▶ [Information provided]
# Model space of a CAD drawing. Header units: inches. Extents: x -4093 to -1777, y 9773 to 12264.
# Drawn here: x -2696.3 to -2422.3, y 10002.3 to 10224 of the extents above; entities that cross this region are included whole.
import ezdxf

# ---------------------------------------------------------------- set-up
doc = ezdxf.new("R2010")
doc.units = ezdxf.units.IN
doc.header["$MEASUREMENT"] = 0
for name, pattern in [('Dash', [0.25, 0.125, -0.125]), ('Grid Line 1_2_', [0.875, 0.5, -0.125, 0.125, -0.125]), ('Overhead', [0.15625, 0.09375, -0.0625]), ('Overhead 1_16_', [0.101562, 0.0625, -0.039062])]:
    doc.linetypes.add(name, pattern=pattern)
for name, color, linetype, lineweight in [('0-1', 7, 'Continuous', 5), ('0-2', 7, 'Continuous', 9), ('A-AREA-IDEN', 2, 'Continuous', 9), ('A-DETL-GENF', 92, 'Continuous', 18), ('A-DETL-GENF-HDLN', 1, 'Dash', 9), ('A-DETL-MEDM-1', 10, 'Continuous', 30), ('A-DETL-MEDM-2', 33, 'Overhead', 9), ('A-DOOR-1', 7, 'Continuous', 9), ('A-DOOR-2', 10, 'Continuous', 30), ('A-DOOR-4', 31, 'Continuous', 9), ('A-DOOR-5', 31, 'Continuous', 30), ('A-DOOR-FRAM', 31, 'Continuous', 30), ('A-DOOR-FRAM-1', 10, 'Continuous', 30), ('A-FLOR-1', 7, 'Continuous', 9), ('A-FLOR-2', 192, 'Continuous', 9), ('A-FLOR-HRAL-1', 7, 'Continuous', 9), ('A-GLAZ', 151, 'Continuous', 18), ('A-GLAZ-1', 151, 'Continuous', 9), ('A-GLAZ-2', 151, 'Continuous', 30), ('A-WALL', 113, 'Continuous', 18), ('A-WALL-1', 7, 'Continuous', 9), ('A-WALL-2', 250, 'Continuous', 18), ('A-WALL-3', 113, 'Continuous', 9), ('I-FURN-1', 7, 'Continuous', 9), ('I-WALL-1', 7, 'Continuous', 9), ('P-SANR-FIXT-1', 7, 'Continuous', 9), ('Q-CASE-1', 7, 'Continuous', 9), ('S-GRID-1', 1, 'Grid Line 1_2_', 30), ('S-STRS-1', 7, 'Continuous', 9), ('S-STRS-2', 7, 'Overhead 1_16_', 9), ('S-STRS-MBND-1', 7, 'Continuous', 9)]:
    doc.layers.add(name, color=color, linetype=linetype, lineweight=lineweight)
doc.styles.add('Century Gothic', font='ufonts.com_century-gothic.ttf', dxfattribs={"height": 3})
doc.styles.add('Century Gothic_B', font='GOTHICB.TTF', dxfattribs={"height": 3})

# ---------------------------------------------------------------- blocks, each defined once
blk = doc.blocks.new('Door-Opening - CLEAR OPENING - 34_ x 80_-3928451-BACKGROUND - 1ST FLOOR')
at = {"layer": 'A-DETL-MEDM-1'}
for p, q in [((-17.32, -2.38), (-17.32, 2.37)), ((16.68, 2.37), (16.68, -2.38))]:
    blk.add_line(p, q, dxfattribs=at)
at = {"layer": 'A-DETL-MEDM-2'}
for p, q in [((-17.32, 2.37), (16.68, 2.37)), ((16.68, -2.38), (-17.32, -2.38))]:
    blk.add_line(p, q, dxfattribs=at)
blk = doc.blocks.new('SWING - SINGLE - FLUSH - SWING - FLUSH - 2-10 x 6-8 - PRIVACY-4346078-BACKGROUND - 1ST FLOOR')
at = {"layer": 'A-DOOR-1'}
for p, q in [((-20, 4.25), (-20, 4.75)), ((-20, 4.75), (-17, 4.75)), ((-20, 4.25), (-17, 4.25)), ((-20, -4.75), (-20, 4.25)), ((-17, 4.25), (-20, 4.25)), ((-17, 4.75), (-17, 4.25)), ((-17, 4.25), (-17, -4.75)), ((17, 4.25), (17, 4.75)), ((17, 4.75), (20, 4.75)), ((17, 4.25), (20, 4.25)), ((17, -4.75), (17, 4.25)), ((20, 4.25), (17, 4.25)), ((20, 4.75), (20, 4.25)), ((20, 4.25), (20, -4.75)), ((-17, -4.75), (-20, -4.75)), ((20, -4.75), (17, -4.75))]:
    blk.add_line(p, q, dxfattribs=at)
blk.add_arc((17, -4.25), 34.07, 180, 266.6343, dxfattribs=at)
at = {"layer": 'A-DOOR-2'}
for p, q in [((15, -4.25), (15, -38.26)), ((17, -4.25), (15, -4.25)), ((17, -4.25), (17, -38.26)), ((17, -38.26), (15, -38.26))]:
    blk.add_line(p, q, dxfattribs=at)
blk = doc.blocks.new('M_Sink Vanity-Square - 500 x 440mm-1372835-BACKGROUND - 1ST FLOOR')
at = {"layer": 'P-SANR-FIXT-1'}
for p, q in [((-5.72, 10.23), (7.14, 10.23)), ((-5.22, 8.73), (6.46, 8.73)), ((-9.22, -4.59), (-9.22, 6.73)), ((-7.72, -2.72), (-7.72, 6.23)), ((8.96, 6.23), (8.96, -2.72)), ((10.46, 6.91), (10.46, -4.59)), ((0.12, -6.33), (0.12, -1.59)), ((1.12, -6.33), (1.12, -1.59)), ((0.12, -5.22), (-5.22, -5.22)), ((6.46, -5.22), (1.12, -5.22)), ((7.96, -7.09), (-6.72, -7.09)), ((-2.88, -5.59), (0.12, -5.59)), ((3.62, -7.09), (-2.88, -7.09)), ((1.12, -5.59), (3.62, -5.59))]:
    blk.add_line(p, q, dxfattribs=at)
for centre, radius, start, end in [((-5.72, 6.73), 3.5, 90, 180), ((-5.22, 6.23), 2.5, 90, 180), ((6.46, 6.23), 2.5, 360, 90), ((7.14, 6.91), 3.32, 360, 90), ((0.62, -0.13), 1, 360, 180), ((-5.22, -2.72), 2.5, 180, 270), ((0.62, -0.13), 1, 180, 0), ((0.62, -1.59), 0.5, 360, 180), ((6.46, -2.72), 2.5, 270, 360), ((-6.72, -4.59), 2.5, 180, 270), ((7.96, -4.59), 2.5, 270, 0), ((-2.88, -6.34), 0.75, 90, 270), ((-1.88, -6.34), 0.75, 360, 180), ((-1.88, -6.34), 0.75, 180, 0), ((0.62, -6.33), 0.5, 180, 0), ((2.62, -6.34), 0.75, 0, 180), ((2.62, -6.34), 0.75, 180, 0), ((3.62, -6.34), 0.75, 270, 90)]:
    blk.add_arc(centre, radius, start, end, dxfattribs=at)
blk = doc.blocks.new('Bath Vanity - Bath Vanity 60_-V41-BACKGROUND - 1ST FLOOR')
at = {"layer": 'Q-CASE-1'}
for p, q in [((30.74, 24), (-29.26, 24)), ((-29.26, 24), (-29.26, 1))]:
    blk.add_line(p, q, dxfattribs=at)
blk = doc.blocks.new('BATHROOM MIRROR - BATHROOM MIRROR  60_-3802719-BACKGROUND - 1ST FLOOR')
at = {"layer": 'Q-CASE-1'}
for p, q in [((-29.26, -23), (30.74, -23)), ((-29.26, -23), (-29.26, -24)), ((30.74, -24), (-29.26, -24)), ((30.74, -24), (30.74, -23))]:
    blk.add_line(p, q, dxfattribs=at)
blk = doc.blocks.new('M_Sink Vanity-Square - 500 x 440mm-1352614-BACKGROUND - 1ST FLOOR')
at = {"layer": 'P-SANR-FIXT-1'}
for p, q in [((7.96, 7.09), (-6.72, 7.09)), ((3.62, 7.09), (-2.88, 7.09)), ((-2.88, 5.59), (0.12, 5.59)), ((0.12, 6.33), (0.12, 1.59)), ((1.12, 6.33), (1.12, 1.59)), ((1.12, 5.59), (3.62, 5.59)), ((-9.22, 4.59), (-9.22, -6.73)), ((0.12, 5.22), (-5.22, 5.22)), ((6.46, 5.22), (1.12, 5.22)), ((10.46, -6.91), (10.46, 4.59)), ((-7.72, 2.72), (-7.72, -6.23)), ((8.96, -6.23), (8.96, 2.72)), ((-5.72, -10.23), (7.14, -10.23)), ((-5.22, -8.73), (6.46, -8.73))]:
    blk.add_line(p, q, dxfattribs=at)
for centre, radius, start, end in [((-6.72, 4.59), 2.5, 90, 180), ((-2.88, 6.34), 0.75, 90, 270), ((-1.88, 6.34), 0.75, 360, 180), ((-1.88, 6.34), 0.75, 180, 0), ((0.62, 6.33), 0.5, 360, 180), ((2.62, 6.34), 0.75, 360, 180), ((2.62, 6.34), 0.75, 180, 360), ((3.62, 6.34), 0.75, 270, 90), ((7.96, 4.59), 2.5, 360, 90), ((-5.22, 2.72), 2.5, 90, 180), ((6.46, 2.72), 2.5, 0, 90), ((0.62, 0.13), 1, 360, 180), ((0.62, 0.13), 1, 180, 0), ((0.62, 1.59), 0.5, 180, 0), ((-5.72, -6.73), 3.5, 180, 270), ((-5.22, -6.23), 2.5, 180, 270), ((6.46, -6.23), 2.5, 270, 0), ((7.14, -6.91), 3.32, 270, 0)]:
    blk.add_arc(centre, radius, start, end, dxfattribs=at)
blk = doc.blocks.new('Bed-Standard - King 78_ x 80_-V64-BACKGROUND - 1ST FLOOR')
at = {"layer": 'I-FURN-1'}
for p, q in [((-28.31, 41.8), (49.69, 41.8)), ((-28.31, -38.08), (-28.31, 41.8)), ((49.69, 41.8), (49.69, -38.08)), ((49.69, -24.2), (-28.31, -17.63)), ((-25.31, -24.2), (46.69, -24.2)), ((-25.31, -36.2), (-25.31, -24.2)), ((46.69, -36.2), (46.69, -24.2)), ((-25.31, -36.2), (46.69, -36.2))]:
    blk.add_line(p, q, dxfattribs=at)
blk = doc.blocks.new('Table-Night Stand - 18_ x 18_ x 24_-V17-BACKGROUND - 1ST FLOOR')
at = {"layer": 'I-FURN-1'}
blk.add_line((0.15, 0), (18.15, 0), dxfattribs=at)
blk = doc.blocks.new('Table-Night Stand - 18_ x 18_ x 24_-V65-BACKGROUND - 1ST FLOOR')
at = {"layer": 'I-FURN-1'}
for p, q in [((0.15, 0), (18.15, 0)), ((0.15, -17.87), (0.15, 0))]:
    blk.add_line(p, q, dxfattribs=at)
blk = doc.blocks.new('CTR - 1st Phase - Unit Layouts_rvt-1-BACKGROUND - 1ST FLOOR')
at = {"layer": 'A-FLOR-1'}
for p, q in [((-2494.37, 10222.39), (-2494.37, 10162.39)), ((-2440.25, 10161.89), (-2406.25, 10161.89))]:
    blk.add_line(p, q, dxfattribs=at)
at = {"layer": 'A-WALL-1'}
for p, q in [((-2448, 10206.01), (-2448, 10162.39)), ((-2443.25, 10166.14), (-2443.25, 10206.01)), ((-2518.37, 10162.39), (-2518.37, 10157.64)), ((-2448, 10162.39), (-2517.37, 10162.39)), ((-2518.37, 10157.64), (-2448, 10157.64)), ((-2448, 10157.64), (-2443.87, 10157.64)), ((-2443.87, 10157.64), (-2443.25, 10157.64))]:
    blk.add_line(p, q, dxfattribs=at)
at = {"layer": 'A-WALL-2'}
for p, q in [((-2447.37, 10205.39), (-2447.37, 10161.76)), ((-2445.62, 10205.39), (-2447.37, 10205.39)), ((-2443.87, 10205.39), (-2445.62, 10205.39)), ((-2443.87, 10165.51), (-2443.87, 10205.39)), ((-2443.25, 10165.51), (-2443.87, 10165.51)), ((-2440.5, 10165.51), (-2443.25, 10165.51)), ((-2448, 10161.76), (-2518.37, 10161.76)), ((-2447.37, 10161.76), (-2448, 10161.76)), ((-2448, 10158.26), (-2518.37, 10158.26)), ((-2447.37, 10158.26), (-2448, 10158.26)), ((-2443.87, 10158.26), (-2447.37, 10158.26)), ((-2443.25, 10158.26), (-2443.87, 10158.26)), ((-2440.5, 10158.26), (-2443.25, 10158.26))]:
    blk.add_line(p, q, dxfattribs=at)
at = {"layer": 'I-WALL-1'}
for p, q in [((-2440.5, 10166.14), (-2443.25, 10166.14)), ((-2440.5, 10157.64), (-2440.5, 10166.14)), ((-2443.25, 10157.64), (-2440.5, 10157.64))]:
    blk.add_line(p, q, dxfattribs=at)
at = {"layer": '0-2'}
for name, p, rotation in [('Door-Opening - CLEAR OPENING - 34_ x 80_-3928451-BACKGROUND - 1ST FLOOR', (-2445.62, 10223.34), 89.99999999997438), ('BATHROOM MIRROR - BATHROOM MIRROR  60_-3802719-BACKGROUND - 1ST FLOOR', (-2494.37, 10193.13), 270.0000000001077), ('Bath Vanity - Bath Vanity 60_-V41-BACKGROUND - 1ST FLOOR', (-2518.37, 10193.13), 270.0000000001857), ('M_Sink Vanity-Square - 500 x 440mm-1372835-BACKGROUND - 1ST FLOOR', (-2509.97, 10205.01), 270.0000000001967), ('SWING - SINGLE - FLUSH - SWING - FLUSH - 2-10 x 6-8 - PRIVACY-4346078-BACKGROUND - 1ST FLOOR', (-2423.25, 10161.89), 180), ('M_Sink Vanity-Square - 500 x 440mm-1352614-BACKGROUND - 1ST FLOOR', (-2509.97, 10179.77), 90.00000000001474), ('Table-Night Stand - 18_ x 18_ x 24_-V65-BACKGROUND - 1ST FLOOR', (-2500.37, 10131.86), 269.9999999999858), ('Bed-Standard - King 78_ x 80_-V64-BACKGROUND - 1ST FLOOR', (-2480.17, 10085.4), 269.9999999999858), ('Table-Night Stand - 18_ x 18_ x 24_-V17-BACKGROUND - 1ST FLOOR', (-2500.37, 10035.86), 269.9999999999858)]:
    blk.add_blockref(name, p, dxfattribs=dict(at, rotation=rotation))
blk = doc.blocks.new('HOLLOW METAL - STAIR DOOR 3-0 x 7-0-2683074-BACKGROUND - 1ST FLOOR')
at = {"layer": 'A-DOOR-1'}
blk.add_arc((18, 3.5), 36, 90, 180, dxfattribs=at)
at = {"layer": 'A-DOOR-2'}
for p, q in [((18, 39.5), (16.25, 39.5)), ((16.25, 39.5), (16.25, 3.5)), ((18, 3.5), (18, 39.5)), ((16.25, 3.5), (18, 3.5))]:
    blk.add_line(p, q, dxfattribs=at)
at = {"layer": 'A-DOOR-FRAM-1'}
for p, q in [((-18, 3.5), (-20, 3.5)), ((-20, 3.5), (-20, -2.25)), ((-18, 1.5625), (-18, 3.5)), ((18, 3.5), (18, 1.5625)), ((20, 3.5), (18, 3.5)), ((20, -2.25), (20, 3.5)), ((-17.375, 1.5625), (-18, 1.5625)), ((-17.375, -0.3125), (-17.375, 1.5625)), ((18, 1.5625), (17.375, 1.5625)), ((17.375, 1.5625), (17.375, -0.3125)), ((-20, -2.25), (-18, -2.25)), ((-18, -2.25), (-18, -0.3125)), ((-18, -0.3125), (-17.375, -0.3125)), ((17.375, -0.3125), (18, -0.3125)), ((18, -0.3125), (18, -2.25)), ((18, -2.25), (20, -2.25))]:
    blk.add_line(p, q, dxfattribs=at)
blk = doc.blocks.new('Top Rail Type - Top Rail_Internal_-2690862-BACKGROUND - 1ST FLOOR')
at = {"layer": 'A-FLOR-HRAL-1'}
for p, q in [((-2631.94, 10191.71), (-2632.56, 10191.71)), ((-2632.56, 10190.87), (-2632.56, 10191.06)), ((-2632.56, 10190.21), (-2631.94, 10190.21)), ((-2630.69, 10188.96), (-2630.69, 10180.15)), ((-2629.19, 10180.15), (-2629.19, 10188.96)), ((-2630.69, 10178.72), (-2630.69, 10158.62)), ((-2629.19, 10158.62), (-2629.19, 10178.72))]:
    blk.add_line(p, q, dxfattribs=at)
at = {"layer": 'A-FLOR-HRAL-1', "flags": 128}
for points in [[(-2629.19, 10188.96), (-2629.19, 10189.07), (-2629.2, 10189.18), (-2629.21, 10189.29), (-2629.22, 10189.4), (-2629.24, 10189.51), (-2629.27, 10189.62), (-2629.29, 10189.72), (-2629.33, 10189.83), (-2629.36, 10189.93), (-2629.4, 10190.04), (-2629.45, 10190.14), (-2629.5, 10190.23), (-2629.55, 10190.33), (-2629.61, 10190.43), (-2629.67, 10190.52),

▶ [Task] Looking at the records above, which lines contain "pattern"? Copy those lines.

▶ [Response for this exercise]
for name, pattern in [('Dash', [0.25, 0.125, -0.125]), ('Grid Line 1_2_', [0.875, 0.5, -0.125, 0.125, -0.125]), ('Overhead', [0.15625, 0.09375, -0.0625]), ('Overhead 1_16_', [0.101562, 0.0625, -0.039062])]:
    doc.linetypes.add(name, pattern=pattern)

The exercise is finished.